## DATA SUPPLIED
------------------------------------------------------------------------

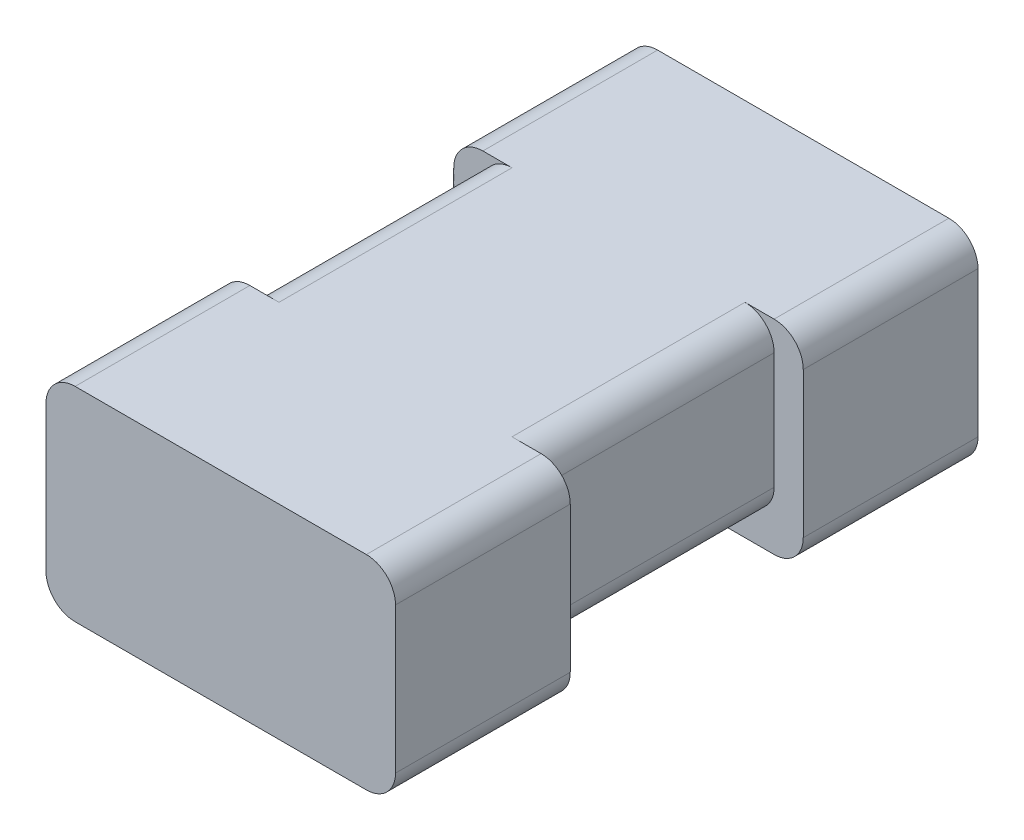
ISO-10303-21;
HEADER;
FILE_DESCRIPTION(('STEP AP214'),'2;1');
FILE_NAME('part.step','',(''),(''),'','','');
FILE_SCHEMA(('AUTOMOTIVE_DESIGN { 1 0 10303 214 1 1 1 1 }'));
ENDSEC;
DATA;
#1=APPLICATION_CONTEXT('core data for automotive mechanical design processes');
#2=APPLICATION_PROTOCOL_DEFINITION('international standard','automotive_design',2000,#1);
#3=PRODUCT_CONTEXT('',#1,'mechanical');
#4=PRODUCT('Part','Part','',(#3));
#5=PRODUCT_RELATED_PRODUCT_CATEGORY('part','',(#4));
#6=PRODUCT_DEFINITION_FORMATION('','',#4);
#7=PRODUCT_DEFINITION_CONTEXT('part definition',#1,'design');
#8=PRODUCT_DEFINITION('design','',#6,#7);
#9=PRODUCT_DEFINITION_SHAPE('','',#8);
#10=(LENGTH_UNIT() NAMED_UNIT(*) SI_UNIT(.MILLI.,.METRE.));
#11=(NAMED_UNIT(*) PLANE_ANGLE_UNIT() SI_UNIT($,.RADIAN.));
#12=(NAMED_UNIT(*) SI_UNIT($,.STERADIAN.) SOLID_ANGLE_UNIT());
#13=UNCERTAINTY_MEASURE_WITH_UNIT(LENGTH_MEASURE(1.E-05),#10,'distance_accuracy_value','');
#14=(GEOMETRIC_REPRESENTATION_CONTEXT(3) GLOBAL_UNCERTAINTY_ASSIGNED_CONTEXT((#13)) GLOBAL_UNIT_ASSIGNED_CONTEXT((#10,
#11,#12)) REPRESENTATION_CONTEXT('',''));
#15=CARTESIAN_POINT('',(0.,0.,0.));
#16=DIRECTION('',(0.,0.,1.));
#17=DIRECTION('',(1.,0.,0.));
#18=AXIS2_PLACEMENT_3D('',#15,#16,#17);
#19=CARTESIAN_POINT('',(0.,0.,0.4));
#20=DIRECTION('',(1.,0.,0.));
#21=DIRECTION('',(0.,1.,0.));
#22=AXIS2_PLACEMENT_3D('',#19,#20,#21);
#23=PLANE('',#22);
#24=DIRECTION('',(0.,-1.,0.));
#25=VECTOR('',#24,1.);
#26=CARTESIAN_POINT('',(0.,0.,0.));
#27=LINE('',#26,#25);
#28=CARTESIAN_POINT('',(0.,-0.05,0.));
#29=VERTEX_POINT('',#28);
#30=CARTESIAN_POINT('',(0.,-0.25,0.));
#31=VERTEX_POINT('',#30);
#32=EDGE_CURVE('E450',#29,#31,#27,.T.);
#33=ORIENTED_EDGE('',*,*,#32,.T.);
#34=DIRECTION('',(0.,0.,-1.));
#35=VECTOR('',#34,1.);
#36=CARTESIAN_POINT('',(0.,-0.25,0.4));
#37=LINE('',#36,#35);
#38=CARTESIAN_POINT('',(0.,-0.25,0.4));
#39=VERTEX_POINT('',#38);
#40=EDGE_CURVE('E309',#31,#39,#37,.F.);
#41=ORIENTED_EDGE('',*,*,#40,.T.);
#42=DIRECTION('',(0.,-1.,0.));
#43=VECTOR('',#42,1.);
#44=CARTESIAN_POINT('',(0.,0.,0.4));
#45=LINE('',#44,#43);
#46=CARTESIAN_POINT('',(0.,-0.05,0.4));
#47=VERTEX_POINT('',#46);
#48=EDGE_CURVE('E283',#47,#39,#45,.T.);
#49=ORIENTED_EDGE('',*,*,#48,.F.);
#50=DIRECTION('',(0.,0.,-1.));
#51=VECTOR('',#50,1.);
#52=CARTESIAN_POINT('',(0.,-0.05,0.4));
#53=LINE('',#52,#51);
#54=EDGE_CURVE('E305',#47,#29,#53,.T.);
#55=ORIENTED_EDGE('',*,*,#54,.T.);
#56=EDGE_LOOP('',(#33,#41,#49,#55));
#57=FACE_BOUND('',#56,.T.);
#58=ADVANCED_FACE('F42',(#57),#23,.F.);
#59=CARTESIAN_POINT('',(0.,-0.3,0.4));
#60=DIRECTION('',(0.,1.,0.));
#61=DIRECTION('',(0.,0.,1.));
#62=AXIS2_PLACEMENT_3D('',#59,#60,#61);
#63=PLANE('',#62);
#64=DIRECTION('',(1.,0.,0.));
#65=VECTOR('',#64,1.);
#66=CARTESIAN_POINT('',(0.,-0.3,0.));
#67=LINE('',#66,#65);
#68=CARTESIAN_POINT('',(0.05,-0.3,0.));
#69=VERTEX_POINT('',#68);
#70=CARTESIAN_POINT('',(0.45,-0.3,0.));
#71=VERTEX_POINT('',#70);
#72=EDGE_CURVE('E284',#69,#71,#67,.T.);
#73=ORIENTED_EDGE('',*,*,#72,.T.);
#74=DIRECTION('',(0.,0.,-1.));
#75=VECTOR('',#74,1.);
#76=CARTESIAN_POINT('',(0.45,-0.3,0.4));
#77=LINE('',#76,#75);
#78=CARTESIAN_POINT('',(0.45,-0.3,0.4));
#79=VERTEX_POINT('',#78);
#80=EDGE_CURVE('E302',#71,#79,#77,.F.);
#81=ORIENTED_EDGE('',*,*,#80,.T.);
#82=DIRECTION('',(1.,0.,0.));
#83=VECTOR('',#82,1.);
#84=CARTESIAN_POINT('',(0.,-0.3,0.4));
#85=LINE('',#84,#83);
#86=CARTESIAN_POINT('',(0.05,-0.3,0.4));
#87=VERTEX_POINT('',#86);
#88=EDGE_CURVE('E463',#87,#79,#85,.T.);
#89=ORIENTED_EDGE('',*,*,#88,.F.);
#90=DIRECTION('',(0.,0.,-1.));
#91=VECTOR('',#90,1.);
#92=CARTESIAN_POINT('',(0.05,-0.3,0.4));
#93=LINE('',#92,#91);
#94=EDGE_CURVE('E293',#87,#69,#93,.T.);
#95=ORIENTED_EDGE('',*,*,#94,.T.);
#96=EDGE_LOOP('',(#73,#81,#89,#95));
#97=FACE_BOUND('',#96,.T.);
#98=ADVANCED_FACE('F515',(#97),#63,.F.);
#99=CARTESIAN_POINT('',(0.5,0.,0.4));
#100=DIRECTION('',(-1.,0.,0.));
#101=DIRECTION('',(0.,0.,1.));
#102=AXIS2_PLACEMENT_3D('',#99,#100,#101);
#103=PLANE('',#102);
#104=DIRECTION('',(0.,1.,0.));
#105=VECTOR('',#104,1.);
#106=CARTESIAN_POINT('',(0.5,0.,0.4));
#107=LINE('',#106,#105);
#108=CARTESIAN_POINT('',(0.5,-0.25,0.4));
#109=VERTEX_POINT('',#108);
#110=CARTESIAN_POINT('',(0.5,-0.05,0.4));
#111=VERTEX_POINT('',#110);
#112=EDGE_CURVE('E467',#109,#111,#107,.T.);
#113=ORIENTED_EDGE('',*,*,#112,.F.);
#114=DIRECTION('',(0.,0.,-1.));
#115=VECTOR('',#114,1.);
#116=CARTESIAN_POINT('',(0.5,-0.25,0.4));
#117=LINE('',#116,#115);
#118=CARTESIAN_POINT('',(0.5,-0.25,0.));
#119=VERTEX_POINT('',#118);
#120=EDGE_CURVE('E281',#109,#119,#117,.T.);
#121=ORIENTED_EDGE('',*,*,#120,.T.);
#122=DIRECTION('',(0.,1.,0.));
#123=VECTOR('',#122,1.);
#124=CARTESIAN_POINT('',(0.5,0.,0.));
#125=LINE('',#124,#123);
#126=CARTESIAN_POINT('',(0.5,-0.05,0.));
#127=VERTEX_POINT('',#126);
#128=EDGE_CURVE('E271',#119,#127,#125,.T.);
#129=ORIENTED_EDGE('',*,*,#128,.T.);
#130=DIRECTION('',(0.,0.,-1.));
#131=VECTOR('',#130,1.);
#132=CARTESIAN_POINT('',(0.5,-0.05,0.4));
#133=LINE('',#132,#131);
#134=EDGE_CURVE('E278',#127,#111,#133,.F.);
#135=ORIENTED_EDGE('',*,*,#134,.T.);
#136=EDGE_LOOP('',(#113,#121,#129,#135));
#137=FACE_BOUND('',#136,.T.);
#138=ADVANCED_FACE('F277',(#137),#103,.F.);
#139=CARTESIAN_POINT('',(0.,0.,0.4));
#140=DIRECTION('',(0.,-1.,0.));
#141=DIRECTION('',(0.,0.,-1.));
#142=AXIS2_PLACEMENT_3D('',#139,#140,#141);
#143=PLANE('',#142);
#144=DIRECTION('',(-1.,0.,0.));
#145=VECTOR('',#144,1.);
#146=CARTESIAN_POINT('',(-0.05,0.,0.7));
#147=LINE('',#146,#145);
#148=CARTESIAN_POINT('',(0.5,0.,0.7));
#149=VERTEX_POINT('',#148);
#150=CARTESIAN_POINT('',(0.,0.,0.7));
#151=VERTEX_POINT('',#150);
#152=EDGE_CURVE('E447',#149,#151,#147,.T.);
#153=ORIENTED_EDGE('',*,*,#152,.F.);
#154=DIRECTION('',(0.,0.,-1.));
#155=VECTOR('',#154,1.);
#156=CARTESIAN_POINT('',(0.5,0.,0.4));
#157=LINE('',#156,#155);
#158=CARTESIAN_POINT('',(0.5,0.,0.4));
#159=VERTEX_POINT('',#158);
#160=EDGE_CURVE('E247',#149,#159,#157,.T.);
#161=ORIENTED_EDGE('',*,*,#160,.T.);
#162=DIRECTION('',(-1.,0.,0.));
#163=VECTOR('',#162,1.);
#164=CARTESIAN_POINT('',(-0.05,0.,0.4));
#165=LINE('',#164,#163);
#166=CARTESIAN_POINT('',(0.45,0.,0.4));
#167=VERTEX_POINT('',#166);
#168=EDGE_CURVE('E244',#159,#167,#165,.T.);
#169=ORIENTED_EDGE('',*,*,#168,.T.);
#170=DIRECTION('',(0.,0.,-1.));
#171=VECTOR('',#170,1.);
#172=CARTESIAN_POINT('',(0.45,0.,0.4));
#173=LINE('',#172,#171);
#174=CARTESIAN_POINT('',(0.45,0.,0.));
#175=VERTEX_POINT('',#174);
#176=EDGE_CURVE('E215',#167,#175,#173,.T.);
#177=ORIENTED_EDGE('',*,*,#176,.T.);
#178=DIRECTION('',(1.,0.,0.));
#179=VECTOR('',#178,1.);
#180=CARTESIAN_POINT('',(0.55,0.,0.));
#181=LINE('',#180,#179);
#182=CARTESIAN_POINT('',(0.5,0.,0.));
#183=VERTEX_POINT('',#182);
#184=EDGE_CURVE('E205',#175,#183,#181,.T.);
#185=ORIENTED_EDGE('',*,*,#184,.T.);
#186=DIRECTION('',(0.,0.,1.));
#187=VECTOR('',#186,1.);
#188=CARTESIAN_POINT('',(0.5,0.,0.4));
#189=LINE('',#188,#187);
#190=CARTESIAN_POINT('',(0.5,0.,-0.3));
#191=VERTEX_POINT('',#190);
#192=EDGE_CURVE('E211',#183,#191,#189,.F.);
#193=ORIENTED_EDGE('',*,*,#192,.T.);
#194=DIRECTION('',(1.,0.,0.));
#195=VECTOR('',#194,1.);
#196=CARTESIAN_POINT('',(0.55,0.,-0.3));
#197=LINE('',#196,#195);
#198=CARTESIAN_POINT('',(0.,0.,-0.3));
#199=VERTEX_POINT('',#198);
#200=EDGE_CURVE('E427',#199,#191,#197,.T.);
#201=ORIENTED_EDGE('',*,*,#200,.F.);
#202=DIRECTION('',(0.,0.,1.));
#203=VECTOR('',#202,1.);
#204=CARTESIAN_POINT('',(0.,0.,0.4));
#205=LINE('',#204,#203);
#206=CARTESIAN_POINT('',(0.,0.,0.));
#207=VERTEX_POINT('',#206);
#208=EDGE_CURVE('E312',#199,#207,#205,.T.);
#209=ORIENTED_EDGE('',*,*,#208,.T.);
#210=DIRECTION('',(1.,0.,0.));
#211=VECTOR('',#210,1.);
#212=CARTESIAN_POINT('',(0.55,0.,0.));
#213=LINE('',#212,#211);
#214=CARTESIAN_POINT('',(0.05,0.,0.));
#215=VERTEX_POINT('',#214);
#216=EDGE_CURVE('E316',#207,#215,#213,.T.);
#217=ORIENTED_EDGE('',*,*,#216,.T.);
#218=DIRECTION('',(0.,0.,-1.));
#219=VECTOR('',#218,1.);
#220=CARTESIAN_POINT('',(0.05,0.,0.4));
#221=LINE('',#220,#219);
#222=CARTESIAN_POINT('',(0.05,0.,0.4));
#223=VERTEX_POINT('',#222);
#224=EDGE_CURVE('E320',#215,#223,#221,.F.);
#225=ORIENTED_EDGE('',*,*,#224,.T.);
#226=DIRECTION('',(-1.,0.,0.));
#227=VECTOR('',#226,1.);
#228=CARTESIAN_POINT('',(-0.05,0.,0.4));
#229=LINE('',#228,#227);
#230=CARTESIAN_POINT('',(0.,0.,0.4));
#231=VERTEX_POINT('',#230);
#232=EDGE_CURVE('E238',#223,#231,#229,.T.);
#233=ORIENTED_EDGE('',*,*,#232,.T.);
#234=DIRECTION('',(0.,0.,-1.));
#235=VECTOR('',#234,1.);
#236=CARTESIAN_POINT('',(0.,0.,0.4));
#237=LINE('',#236,#235);
#238=EDGE_CURVE('E235',#231,#151,#237,.F.);
#239=ORIENTED_EDGE('',*,*,#238,.T.);
#240=EDGE_LOOP('',(#153,#161,#169,#177,#185,#193,#201,#209,#217,#225,#233,#239));
#241=FACE_BOUND('',#240,.T.);
#242=ADVANCED_FACE('F208',(#241),#143,.F.);
#243=CARTESIAN_POINT('',(0.,0.,0.4));
#244=DIRECTION('',(0.,0.,1.));
#245=DIRECTION('',(1.,0.,0.));
#246=AXIS2_PLACEMENT_3D('',#243,#244,#245);
#247=PLANE('',#246);
#248=DIRECTION('',(0.,1.,0.));
#249=VECTOR('',#248,1.);
#250=CARTESIAN_POINT('',(0.55,0.,0.4));
#251=LINE('',#250,#249);
#252=CARTESIAN_POINT('',(0.55,-0.3,0.4));
#253=VERTEX_POINT('',#252);
#254=CARTESIAN_POINT('',(0.55,-0.05,0.4));
#255=VERTEX_POINT('',#254);
#256=EDGE_CURVE('E439',#253,#255,#251,.T.);
#257=ORIENTED_EDGE('',*,*,#256,.F.);
#258=CARTESIAN_POINT('',(0.5,-0.3,0.4));
#259=DIRECTION('',(0.,0.,1.));
#260=DIRECTION('',(1.,0.,0.));
#261=AXIS2_PLACEMENT_3D('',#258,#259,#260);
#262=CIRCLE('',#261,0.05);
#263=CARTESIAN_POINT('',(0.5,-0.35,0.4));
#264=VERTEX_POINT('',#263);
#265=EDGE_CURVE('E487',#253,#264,#262,.F.);
#266=ORIENTED_EDGE('',*,*,#265,.T.);
#267=DIRECTION('',(1.,0.,0.));
#268=VECTOR('',#267,1.);
#269=CARTESIAN_POINT('',(-0.0499999999999999,-0.35,0.4));
#270=LINE('',#269,#268);
#271=CARTESIAN_POINT('',(0.,-0.35,0.4));
#272=VERTEX_POINT('',#271);
#273=EDGE_CURVE('E453',#272,#264,#270,.T.);
#274=ORIENTED_EDGE('',*,*,#273,.F.);
#275=CARTESIAN_POINT('',(0.,-0.3,0.4));
#276=DIRECTION('',(0.,0.,1.));
#277=DIRECTION('',(1.,0.,0.));
#278=AXIS2_PLACEMENT_3D('',#275,#276,#277);
#279=CIRCLE('',#278,0.05);
#280=CARTESIAN_POINT('',(-0.0499999999999999,-0.3,0.4));
#281=VERTEX_POINT('',#280);
#282=EDGE_CURVE('E484',#272,#281,#279,.F.);
#283=ORIENTED_EDGE('',*,*,#282,.T.);
#284=DIRECTION('',(0.,-1.,0.));
#285=VECTOR('',#284,1.);
#286=CARTESIAN_POINT('',(-0.05,0.,0.4));
#287=LINE('',#286,#285);
#288=CARTESIAN_POINT('',(-0.05,-0.05,0.4));
#289=VERTEX_POINT('',#288);
#290=EDGE_CURVE('E335',#289,#281,#287,.T.);
#291=ORIENTED_EDGE('',*,*,#290,.F.);
#292=CARTESIAN_POINT('',(0.,-0.05,0.4));
#293=DIRECTION('',(0.,0.,1.));
#294=DIRECTION('',(1.,0.,0.));
#295=AXIS2_PLACEMENT_3D('',#292,#293,#294);
#296=CIRCLE('',#295,0.05);
#297=EDGE_CURVE('E331',#289,#231,#296,.F.);
#298=ORIENTED_EDGE('',*,*,#297,.T.);
#299=ORIENTED_EDGE('',*,*,#232,.F.);
#300=CARTESIAN_POINT('',(0.05,-0.05,0.4));
#301=DIRECTION('',(0.,0.,1.));
#302=DIRECTION('',(1.,0.,0.));
#303=AXIS2_PLACEMENT_3D('',#300,#301,#302);
#304=CIRCLE('',#303,0.05);
#305=EDGE_CURVE('E266',#223,#47,#304,.T.);
#306=ORIENTED_EDGE('',*,*,#305,.T.);
#307=ORIENTED_EDGE('',*,*,#48,.T.);
#308=CARTESIAN_POINT('',(0.05,-0.25,0.4));
#309=DIRECTION('',(0.,0.,1.));
#310=DIRECTION('',(1.,0.,0.));
#311=AXIS2_PLACEMENT_3D('',#308,#309,#310);
#312=CIRCLE('',#311,0.05);
#313=EDGE_CURVE('E260',#39,#87,#312,.T.);
#314=ORIENTED_EDGE('',*,*,#313,.T.);
#315=ORIENTED_EDGE('',*,*,#88,.T.);
#316=CARTESIAN_POINT('',(0.45,-0.25,0.4));
#317=DIRECTION('',(0.,0.,1.));
#318=DIRECTION('',(1.,0.,0.));
#319=AXIS2_PLACEMENT_3D('',#316,#317,#318);
#320=CIRCLE('',#319,0.05);
#321=EDGE_CURVE('E254',#79,#109,#320,.T.);
#322=ORIENTED_EDGE('',*,*,#321,.T.);
#323=ORIENTED_EDGE('',*,*,#112,.T.);
#324=CARTESIAN_POINT('',(0.45,-0.05,0.4));
#325=DIRECTION('',(0.,0.,1.));
#326=DIRECTION('',(1.,0.,0.));
#327=AXIS2_PLACEMENT_3D('',#324,#325,#326);
#328=CIRCLE('',#327,0.05);
#329=EDGE_CURVE('E11',#111,#167,#328,.T.);
#330=ORIENTED_EDGE('',*,*,#329,.T.);
#331=ORIENTED_EDGE('',*,*,#168,.F.);
#332=CARTESIAN_POINT('',(0.5,-0.05,0.4));
#333=DIRECTION('',(0.,0.,1.));
#334=DIRECTION('',(1.,0.,0.));
#335=AXIS2_PLACEMENT_3D('',#332,#333,#334);
#336=CIRCLE('',#335,0.05);
#337=EDGE_CURVE('E58',#159,#255,#336,.F.);
#338=ORIENTED_EDGE('',*,*,#337,.T.);
#339=EDGE_LOOP('',(#257,#266,#274,#283,#291,#298,#299,#306,#307,#314,#315,#322,#323,#330,#331,#338));
#340=FACE_BOUND('',#339,.T.);
#341=ADVANCED_FACE('F333',(#340),#247,.F.);
#342=CARTESIAN_POINT('',(-0.05,0.,0.7));
#343=DIRECTION('',(1.,0.,0.));
#344=DIRECTION('',(0.,1.,0.));
#345=AXIS2_PLACEMENT_3D('',#342,#343,#344);
#346=PLANE('',#345);
#347=ORIENTED_EDGE('',*,*,#290,.T.);
#348=DIRECTION('',(0.,0.,-1.));
#349=VECTOR('',#348,1.);
#350=CARTESIAN_POINT('',(-0.0499999999999999,-0.3,0.7));
#351=LINE('',#350,#349);
#352=CARTESIAN_POINT('',(-0.0499999999999999,-0.3,0.7));
#353=VERTEX_POINT('',#352);
#354=EDGE_CURVE('E368',#281,#353,#351,.F.);
#355=ORIENTED_EDGE('',*,*,#354,.T.);
#356=DIRECTION('',(0.,-1.,0.));
#357=VECTOR('',#356,1.);
#358=CARTESIAN_POINT('',(-0.05,0.,0.7));
#359=LINE('',#358,#357);
#360=CARTESIAN_POINT('',(-0.05,-0.05,0.7));
#361=VERTEX_POINT('',#360);
#362=EDGE_CURVE('E435',#361,#353,#359,.T.);
#363=ORIENTED_EDGE('',*,*,#362,.F.);
#364=DIRECTION('',(0.,0.,-1.));
#365=VECTOR('',#364,1.);
#366=CARTESIAN_POINT('',(-0.05,-0.05,0.7));
#367=LINE('',#366,#365);
#368=EDGE_CURVE('E345',#361,#289,#367,.T.);
#369=ORIENTED_EDGE('',*,*,#368,.T.);
#370=EDGE_LOOP('',(#347,#355,#363,#369));
#371=FACE_BOUND('',#370,.T.);
#372=ADVANCED_FACE('F569',(#371),#346,.F.);
#373=CARTESIAN_POINT('',(-0.0499999999999999,-0.35,0.7));
#374=DIRECTION('',(0.,1.,0.));
#375=DIRECTION('',(0.,0.,1.));
#376=AXIS2_PLACEMENT_3D('',#373,#374,#375);
#377=PLANE('',#376);
#378=ORIENTED_EDGE('',*,*,#273,.T.);
#379=DIRECTION('',(0.,0.,-1.));
#380=VECTOR('',#379,1.);
#381=CARTESIAN_POINT('',(0.5,-0.35,0.7));
#382=LINE('',#381,#380);
#383=CARTESIAN_POINT('',(0.5,-0.35,0.7));
#384=VERTEX_POINT('',#383);
#385=EDGE_CURVE('E351',#264,#384,#382,.F.);
#386=ORIENTED_EDGE('',*,*,#385,.T.);
#387=DIRECTION('',(1.,0.,0.));
#388=VECTOR('',#387,1.);
#389=CARTESIAN_POINT('',(-0.0499999999999999,-0.35,0.7));
#390=LINE('',#389,#388);
#391=CARTESIAN_POINT('',(0.,-0.35,0.7));
#392=VERTEX_POINT('',#391);
#393=EDGE_CURVE('E438',#392,#384,#390,.T.);
#394=ORIENTED_EDGE('',*,*,#393,.F.);
#395=DIRECTION('',(0.,0.,-1.));
#396=VECTOR('',#395,1.);
#397=CARTESIAN_POINT('',(0.,-0.35,0.7));
#398=LINE('',#397,#396);
#399=EDGE_CURVE('E357',#392,#272,#398,.T.);
#400=ORIENTED_EDGE('',*,*,#399,.T.);
#401=EDGE_LOOP('',(#378,#386,#394,#400));
#402=FACE_BOUND('',#401,.T.);
#403=ADVANCED_FACE('F495',(#402),#377,.F.);
#404=CARTESIAN_POINT('',(0.55,0.,0.7));
#405=DIRECTION('',(-1.,0.,0.));
#406=DIRECTION('',(0.,0.,1.));
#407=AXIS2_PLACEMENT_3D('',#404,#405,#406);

------------------------------------------------------------------------

## PROMPT
Working from the records above, write out verbatim only the lines from the line containing "#90=DIRECTION('',(0.,0.,-1.));" through the line containing "#114=DIRECTION('',(0.,0.,-1.));".

## RESPONSE
#90=DIRECTION('',(0.,0.,-1.));
#91=VECTOR('',#90,1.);
#92=CARTESIAN_POINT('',(0.05,-0.3,0.4));
#93=LINE('',#92,#91);
#94=EDGE_CURVE('E293',#87,#69,#93,.T.);
#95=ORIENTED_EDGE('',*,*,#94,.T.);
#96=EDGE_LOOP('',(#73,#81,#89,#95));
#97=FACE_BOUND('',#96,.T.);
#98=ADVANCED_FACE('F515',(#97),#63,.F.);
#99=CARTESIAN_POINT('',(0.5,0.,0.4));
#100=DIRECTION('',(-1.,0.,0.));
#101=DIRECTION('',(0.,0.,1.));
#102=AXIS2_PLACEMENT_3D('',#99,#100,#101);
#103=PLANE('',#102);
#104=DIRECTION('',(0.,1.,0.));
#105=VECTOR('',#104,1.);
#106=CARTESIAN_POINT('',(0.5,0.,0.4));
#107=LINE('',#106,#105);
#108=CARTESIAN_POINT('',(0.5,-0.25,0.4));
#109=VERTEX_POINT('',#108);
#110=CARTESIAN_POINT('',(0.5,-0.05,0.4));
#111=VERTEX_POINT('',#110);
#112=EDGE_CURVE('E467',#109,#111,#107,.T.);
#113=ORIENTED_EDGE('',*,*,#112,.F.);
#114=DIRECTION('',(0.,0.,-1.));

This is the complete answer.